Asylum seekers from these countries would continue to have access to hearings before the IRB but would have to appeal a negative decision before the Federal Court instead of the Refugee Appeal Division.

Such a reform would presumably cut down on the number of false claimants who bog down the system, Kenney hopes.

“Our generosity is too often abused by false asylum claimants who come here and do not need our protection,” he said. “They’re misusing the asylum system to jump the queue rather than waiting their turn like everyone else.”

Kenney said Canada’s top source country for asylum claims in 2009 was Hungary, a member state of the European Union.
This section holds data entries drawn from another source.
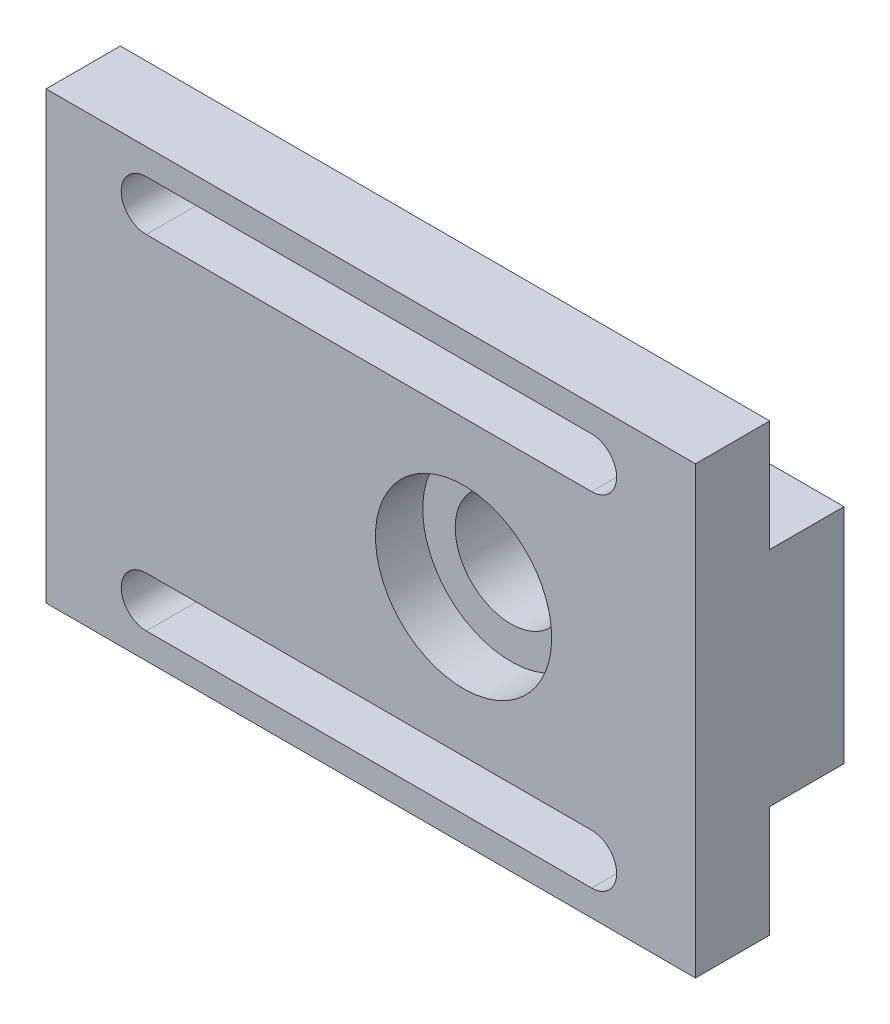
ISO-10303-21;
HEADER;
FILE_DESCRIPTION(('STEP AP214'),'2;1');
FILE_NAME('part.step','',(''),(''),'','','');
FILE_SCHEMA(('AUTOMOTIVE_DESIGN { 1 0 10303 214 1 1 1 1 }'));
ENDSEC;
DATA;
#1=APPLICATION_CONTEXT('core data for automotive mechanical design processes');
#2=APPLICATION_PROTOCOL_DEFINITION('international standard','automotive_design',2000,#1);
#3=PRODUCT_CONTEXT('',#1,'mechanical');
#4=PRODUCT('Part','Part','',(#3));
#5=PRODUCT_RELATED_PRODUCT_CATEGORY('part','',(#4));
#6=PRODUCT_DEFINITION_FORMATION('','',#4);
#7=PRODUCT_DEFINITION_CONTEXT('part definition',#1,'design');
#8=PRODUCT_DEFINITION('design','',#6,#7);
#9=PRODUCT_DEFINITION_SHAPE('','',#8);
#10=(LENGTH_UNIT() NAMED_UNIT(*) SI_UNIT(.MILLI.,.METRE.));
#11=(NAMED_UNIT(*) PLANE_ANGLE_UNIT() SI_UNIT($,.RADIAN.));
#12=(NAMED_UNIT(*) SI_UNIT($,.STERADIAN.) SOLID_ANGLE_UNIT());
#13=UNCERTAINTY_MEASURE_WITH_UNIT(LENGTH_MEASURE(1.E-05),#10,'distance_accuracy_value','');
#14=(GEOMETRIC_REPRESENTATION_CONTEXT(3) GLOBAL_UNCERTAINTY_ASSIGNED_CONTEXT((#13)) GLOBAL_UNIT_ASSIGNED_CONTEXT((#10,
#11,#12)) REPRESENTATION_CONTEXT('',''));
#15=CARTESIAN_POINT('',(0.,0.,0.));
#16=DIRECTION('',(0.,0.,1.));
#17=DIRECTION('',(1.,0.,0.));
#18=AXIS2_PLACEMENT_3D('',#15,#16,#17);
#19=CARTESIAN_POINT('',(45.,24.,8.));
#20=DIRECTION('',(0.,0.,-1.));
#21=DIRECTION('',(-1.,0.,0.));
#22=AXIS2_PLACEMENT_3D('',#19,#20,#21);
#23=CYLINDRICAL_SURFACE('',#22,6.00000000000001);
#24=CARTESIAN_POINT('',(45.,24.,-3.));
#25=DIRECTION('',(0.,0.,-1.));
#26=DIRECTION('',(-1.,0.,0.));
#27=AXIS2_PLACEMENT_3D('',#24,#25,#26);
#28=CIRCLE('',#27,6.00000000000001);
#29=CARTESIAN_POINT('',(39.,24.,-3.));
#30=VERTEX_POINT('',#29);
#31=EDGE_CURVE('E236',#30,#30,#28,.F.);
#32=ORIENTED_EDGE('',*,*,#31,.F.);
#33=EDGE_LOOP('',(#32));
#34=FACE_BOUND('',#33,.T.);
#35=CARTESIAN_POINT('',(45.,24.,2.9));
#36=DIRECTION('',(0.,0.,1.));
#37=DIRECTION('',(1.,0.,0.));
#38=AXIS2_PLACEMENT_3D('',#35,#36,#37);
#39=CIRCLE('',#38,6.00000000000001);
#40=CARTESIAN_POINT('',(51.,24.,2.9));
#41=VERTEX_POINT('',#40);
#42=EDGE_CURVE('E230',#41,#41,#39,.F.);
#43=ORIENTED_EDGE('',*,*,#42,.F.);
#44=EDGE_LOOP('',(#43));
#45=FACE_BOUND('',#44,.T.);
#46=ADVANCED_FACE('F39',(#34,#45),#23,.F.);
#47=CARTESIAN_POINT('',(0.,48.,0.));
#48=DIRECTION('',(0.,0.,-1.));
#49=DIRECTION('',(-1.,0.,0.));
#50=AXIS2_PLACEMENT_3D('',#47,#48,#49);
#51=PLANE('',#50);
#52=CARTESIAN_POINT('',(10.8004560122874,42.5,0.));
#53=DIRECTION('',(0.,0.,-1.));
#54=DIRECTION('',(-1.,0.,0.));
#55=AXIS2_PLACEMENT_3D('',#52,#53,#54);
#56=CIRCLE('',#55,2.7);
#57=CARTESIAN_POINT('',(10.8004560122874,39.8,0.));
#58=VERTEX_POINT('',#57);
#59=CARTESIAN_POINT('',(10.8004560122874,45.2,0.));
#60=VERTEX_POINT('',#59);
#61=EDGE_CURVE('E212',#58,#60,#56,.T.);
#62=ORIENTED_EDGE('',*,*,#61,.F.);
#63=DIRECTION('',(-1.,0.,0.));
#64=VECTOR('',#63,1.);
#65=CARTESIAN_POINT('',(0.,39.8,0.));
#66=LINE('',#65,#64);
#67=CARTESIAN_POINT('',(58.8004560122874,39.8,0.));
#68=VERTEX_POINT('',#67);
#69=EDGE_CURVE('E199',#68,#58,#66,.T.);
#70=ORIENTED_EDGE('',*,*,#69,.F.);
#71=CARTESIAN_POINT('',(58.8004560122874,42.5,0.));
#72=DIRECTION('',(0.,0.,-1.));
#73=DIRECTION('',(-1.,0.,0.));
#74=AXIS2_PLACEMENT_3D('',#71,#72,#73);
#75=CIRCLE('',#74,2.7);
#76=CARTESIAN_POINT('',(58.8004560122874,45.2,0.));
#77=VERTEX_POINT('',#76);
#78=EDGE_CURVE('E207',#77,#68,#75,.T.);
#79=ORIENTED_EDGE('',*,*,#78,.F.);
#80=DIRECTION('',(1.,0.,0.));
#81=VECTOR('',#80,1.);
#82=CARTESIAN_POINT('',(0.,45.2,0.));
#83=LINE('',#82,#81);
#84=EDGE_CURVE('E210',#60,#77,#83,.T.);
#85=ORIENTED_EDGE('',*,*,#84,.F.);
#86=EDGE_LOOP('',(#62,#70,#79,#85));
#87=FACE_BOUND('',#86,.T.);
#88=DIRECTION('',(1.,0.,0.));
#89=VECTOR('',#88,1.);
#90=CARTESIAN_POINT('',(70.,36.,0.));
#91=LINE('',#90,#89);
#92=CARTESIAN_POINT('',(0.,36.,0.));
#93=VERTEX_POINT('',#92);
#94=CARTESIAN_POINT('',(70.,36.,0.));
#95=VERTEX_POINT('',#94);
#96=EDGE_CURVE('E244',#93,#95,#91,.T.);
#97=ORIENTED_EDGE('',*,*,#96,.F.);
#98=DIRECTION('',(0.,-1.,0.));
#99=VECTOR('',#98,1.);
#100=CARTESIAN_POINT('',(0.,0.,0.));
#101=LINE('',#100,#99);
#102=CARTESIAN_POINT('',(0.,48.,0.));
#103=VERTEX_POINT('',#102);
#104=EDGE_CURVE('E368',#103,#93,#101,.T.);
#105=ORIENTED_EDGE('',*,*,#104,.F.);
#106=DIRECTION('',(-1.,0.,0.));
#107=VECTOR('',#106,1.);
#108=CARTESIAN_POINT('',(0.,48.,0.));
#109=LINE('',#108,#107);
#110=CARTESIAN_POINT('',(70.,48.,0.));
#111=VERTEX_POINT('',#110);
#112=EDGE_CURVE('E377',#111,#103,#109,.T.);
#113=ORIENTED_EDGE('',*,*,#112,.F.);
#114=DIRECTION('',(0.,1.,0.));
#115=VECTOR('',#114,1.);
#116=CARTESIAN_POINT('',(70.,0.,0.));
#117=LINE('',#116,#115);
#118=EDGE_CURVE('E260',#95,#111,#117,.T.);
#119=ORIENTED_EDGE('',*,*,#118,.F.);
#120=EDGE_LOOP('',(#97,#105,#113,#119));
#121=FACE_BOUND('',#120,.T.);
#122=ADVANCED_FACE('F315',(#87,#121),#51,.T.);
#123=CARTESIAN_POINT('',(0.,0.,8.));
#124=DIRECTION('',(1.,0.,0.));
#125=DIRECTION('',(0.,0.,-1.));
#126=AXIS2_PLACEMENT_3D('',#123,#124,#125);
#127=PLANE('',#126);
#128=ORIENTED_EDGE('',*,*,#104,.T.);
#129=DIRECTION('',(0.,0.,1.));
#130=VECTOR('',#129,1.);
#131=CARTESIAN_POINT('',(0.,36.,-8.));
#132=LINE('',#131,#130);
#133=CARTESIAN_POINT('',(0.,36.,-8.));
#134=VERTEX_POINT('',#133);
#135=EDGE_CURVE('E267',#134,#93,#132,.T.);
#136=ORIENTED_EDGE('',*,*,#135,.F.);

Of the country’s estimated 2,500 claims, just 25 were deemed legitimate. Ninety-seven per cent were withdrawn or abandoned.

“If we don’t have the capacity to speed up the processing of those overwhelmingly false claims, we simply incentivize the networks–often commercial, sometimes criminal, networks–that counsel people to abuse the system,” Kenney told reporters.

Incentivizing creates momentum, which adds to the backlog, which adds to the processing times, he said, eventually becoming “a vicious cycle.”

Critics speak out

Kenney’s proposals, titled Bill C-11, will need parliamentary approval to become law.

Liberal immigration critic Maurizio Bevilacqua acknowledged the refugee system “is broken” and that the Conservatives’ package “tries to address some of the concerns.”

He said the idea of a safe countries list “needs to be explored further,” but said Kenney should have a chance to “explain himself on that particular issue.”

Bevilacqua was pressed by reporters to explain whether his party would vote in favour of the proposed legislation.

“You’re not always going to get a hundred per cent of what you want, particularly when you have a party-based system but my sense is that . . . there is a problem here,” Bevilacqua said.

“To start planting markers now I think it’s a way to basically say that you’re not dedicated towards a solution and that you’re happy with the present mess of affairs,” he said, adding that he is not.

Amnesty International Canada said creating a list of safe countries discriminates against individuals and is “a very, very dangerous way to go.”

“We never rank countries in terms of good guys and bad guys,” Amnesty spokeswoman Gloria Nafziger told CBC News.

“When you begin to determine which country is safe and which country is not safe, the consideration that you have to take into making that kind of a decision is . . . highly politicized,” Nafziger said.

Britain, France, Ireland and Switzerland, among others, already have safe country of origin policies in place that allow them to accelerate the cases of some asylum seekers.

The NDP also criticized the safe countries list, suggesting even democratic countries are not always “free from all forms of persecution.”

Criciticism ‘outrageous’: Kenney

Kenney defended his measures Tuesday afternoon in an interview with CBC News.

“I don’t want to tell someone who’s gotten off a plane that has been a victim of torture, say, in an Iranian prison, ‘Take a form and wait 19 months for us to get back to you,'” he said. “That is outrageous and anyone who defends that system is really defending the indefensible.”

Previous governments avoided dealing with the issue because of “opposition from a couple of shrill organizations,” Kenney said, in response to a question about criticisms.

“I think that it’s intolerable that anyone would say that we need to maintain a current system with massive permanent backlogs which works far too slowly,” he continued.